At the same time, the pace at which we live also impacts the consumer and personal finance decisionsalong with the speed of the daily work schedule, the speed of technological changes, the impact of advertising and increased marketing on social networks, remote work, high turnover in job positions in companies and corporations, etc.
All these factors cause a change in the lifestyle of modern societyincrease people’s tendency towards short-term consumerism, affect personal economic decisions and make it difficult to think about long-term projects or objectives, 10, 20 or 30 years, for example.

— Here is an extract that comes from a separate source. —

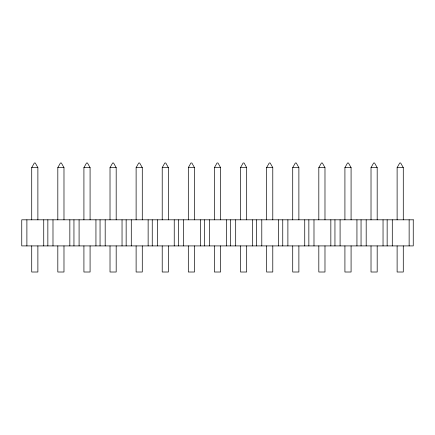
<?xml version="1.0" encoding="UTF-8"?>
<svg xmlns="http://www.w3.org/2000/svg" width="435" height="435" viewBox="0 0 435 435"><rect width="100%" height="100%" fill="white"/><g stroke="black" fill="none" stroke-linecap="round" stroke-linejoin="round"><path stroke-width="0.65" d="M31.717 219.811L31.717 167.611L34.327 162.989L35.273 162.989L37.883 167.611L37.883 219.811M57.817 219.811L57.817 167.611L60.427 162.989L61.373 162.989L63.983 167.611L63.983 219.811M83.917 219.811L83.917 167.611L86.527 162.989L87.473 162.989L90.083 167.611L90.083 219.811M110.017 219.811L110.017 167.611L112.627 162.989L113.573 162.989L116.183 167.611L116.183 219.811M136.117 219.811L136.117 167.611L138.727 162.989L139.673 162.989L142.283 167.611L142.283 219.811M162.217 219.811L162.217 167.611L164.827 162.989L165.773 162.989L168.383 167.611L168.383 219.811M188.317 219.811L188.317 167.611L190.927 162.989L191.873 162.989L194.483 167.611L194.483 219.811M214.417 219.811L214.417 167.611L217.027 162.989L217.973 162.989L220.583 167.611L220.583 219.811M240.517 219.811L240.517 167.611L243.127 162.989L244.073 162.989L246.683 167.611L246.683 219.811M266.617 219.811L266.617 167.611L269.227 162.989L270.173 162.989L272.783 167.611L272.783 219.811M292.717 219.811L292.717 167.611L295.327 162.989L296.273 162.989L298.883 167.611L298.883 219.811M318.817 219.811L318.817 167.611L321.427 162.989L322.373 162.989L324.983 167.611L324.983 219.811M344.917 219.811L344.917 167.611L347.527 162.989L348.473 162.989L351.083 167.611L351.083 219.811M371.017 219.811L371.017 167.611L373.627 162.989L374.573 162.989L377.183 167.611L377.183 219.811M397.117 219.811L397.117 167.611L399.727 162.989L400.673 162.989L403.283 167.611L403.283 219.811M31.717 167.611L37.883 167.611M57.817 167.611L63.983 167.611M83.917 167.611L90.083 167.611M110.017 167.611L116.183 167.611M136.117 167.611L142.283 167.611M162.217 167.611L168.383 167.611M188.317 167.611L194.483 167.611M214.417 167.611L220.583 167.611M240.517 167.611L246.683 167.611M266.617 167.611L272.783 167.611M292.717 167.611L298.883 167.611M318.817 167.611L324.983 167.611M344.917 167.611L351.083 167.611M371.017 167.611L377.183 167.611M397.117 167.611L403.283 167.611M409.139 219.811L409.139 245.911M403.283 245.911L403.283 272.011L397.117 272.011L397.117 245.911M392.288 219.811L392.288 245.911M387.15 219.811L387.15 245.911M383.039 219.811L383.039 245.911M377.183 245.911L377.183 272.011L371.017 272.011L371.017 245.911M366.188 219.811L366.188 245.911M361.05 219.811L361.05 245.911M356.939 219.811L356.939 245.911M351.083 245.911L351.083 272.011L344.917 272.011L344.917 245.911M340.088 219.811L340.088 245.911M334.95 219.811L334.95 245.911M330.839 219.811L330.839 245.911M324.983 245.911L324.983 272.011L318.817 272.011L318.817 245.911M313.988 219.811L313.988 245.911M308.85 219.811L308.85 245.911M304.739 219.811L304.739 245.911M298.883 245.911L298.883 272.011L292.717 272.011L292.717 245.911M287.888 219.811L287.888 245.911M282.75 219.811L282.75 245.911M278.639 219.811L278.639 245.911M272.783 245.911L272.783 272.011L266.617 272.011L266.617 245.911M261.788 219.811L261.788 245.911M256.65 219.811L256.65 245.911M252.539 219.811L252.539 245.911M246.683 245.911L246.683 272.011L240.517 272.011L240.517 245.911M235.688 219.811L235.688 245.911M230.55 219.811L230.55 245.911M226.439 219.811L226.439 245.911M220.583 245.911L220.583 272.011L214.417 272.011L214.417 245.911M209.588 219.811L209.588 245.911M204.45 219.811L204.45 245.911M200.339 219.811L200.339 245.911M194.483 245.911L194.483 272.011L188.317 272.011L188.317 245.911M183.488 219.811L183.488 245.911M178.35 219.811L178.35 245.911M174.239 219.811L174.239 245.911M168.383 245.911L168.383 272.011L162.217 272.011L162.217 245.911M157.388 219.811L157.388 245.911M152.25 219.811L152.25 245.911M148.139 219.811L148.139 245.911M142.283 245.911L142.283 272.011L136.117 272.011L136.117 245.911M131.288 219.811L131.288 245.911M126.15 219.811L126.15 245.911M122.039 219.811L122.039 245.911M116.183 245.911L116.183 272.011L110.017 272.011L110.017 245.911M105.188 219.811L105.188 245.911M100.05 219.811L100.05 245.911M95.939 219.811L95.939 245.911M90.083 245.911L90.083 272.011L83.917 272.011L83.917 245.911M79.088 219.811L79.088 245.911M73.95 219.811L73.95 245.911M69.839 219.811L69.839 245.911M63.983 245.911L63.983 272.011L57.817 272.011L57.817 245.911M52.988 219.811L52.988 245.911M47.85 219.811L47.85 245.911M43.739 219.811L43.739 245.911M37.883 245.911L37.883 272.011L31.717 272.011L31.717 245.911M26.888 219.811L26.888 245.911M413.25 219.811L21.75 219.811L21.75 245.911L413.25 245.911L413.25 219.811"/></g></svg>

Financial education, key to beginning the transformation
But how do we begin to transform our vision of short-term consumption into one of long-term investment and projects?
The financial education It can be a good ally to help start the transformation, and to better understand our personal economy. Also to plan. This does not mean not being able to treat yourself and consume in the short term, but it should allow you to have a more comprehensive and longer-term vision.
Always prioritizing financial health, maintaining habits that allow us to take care of our assets, not spending on unnecessary things, and fundamentally to be able to make investments that allow us to consistently increase our assets in the long term. A last point that provides solidity, tranquility and security.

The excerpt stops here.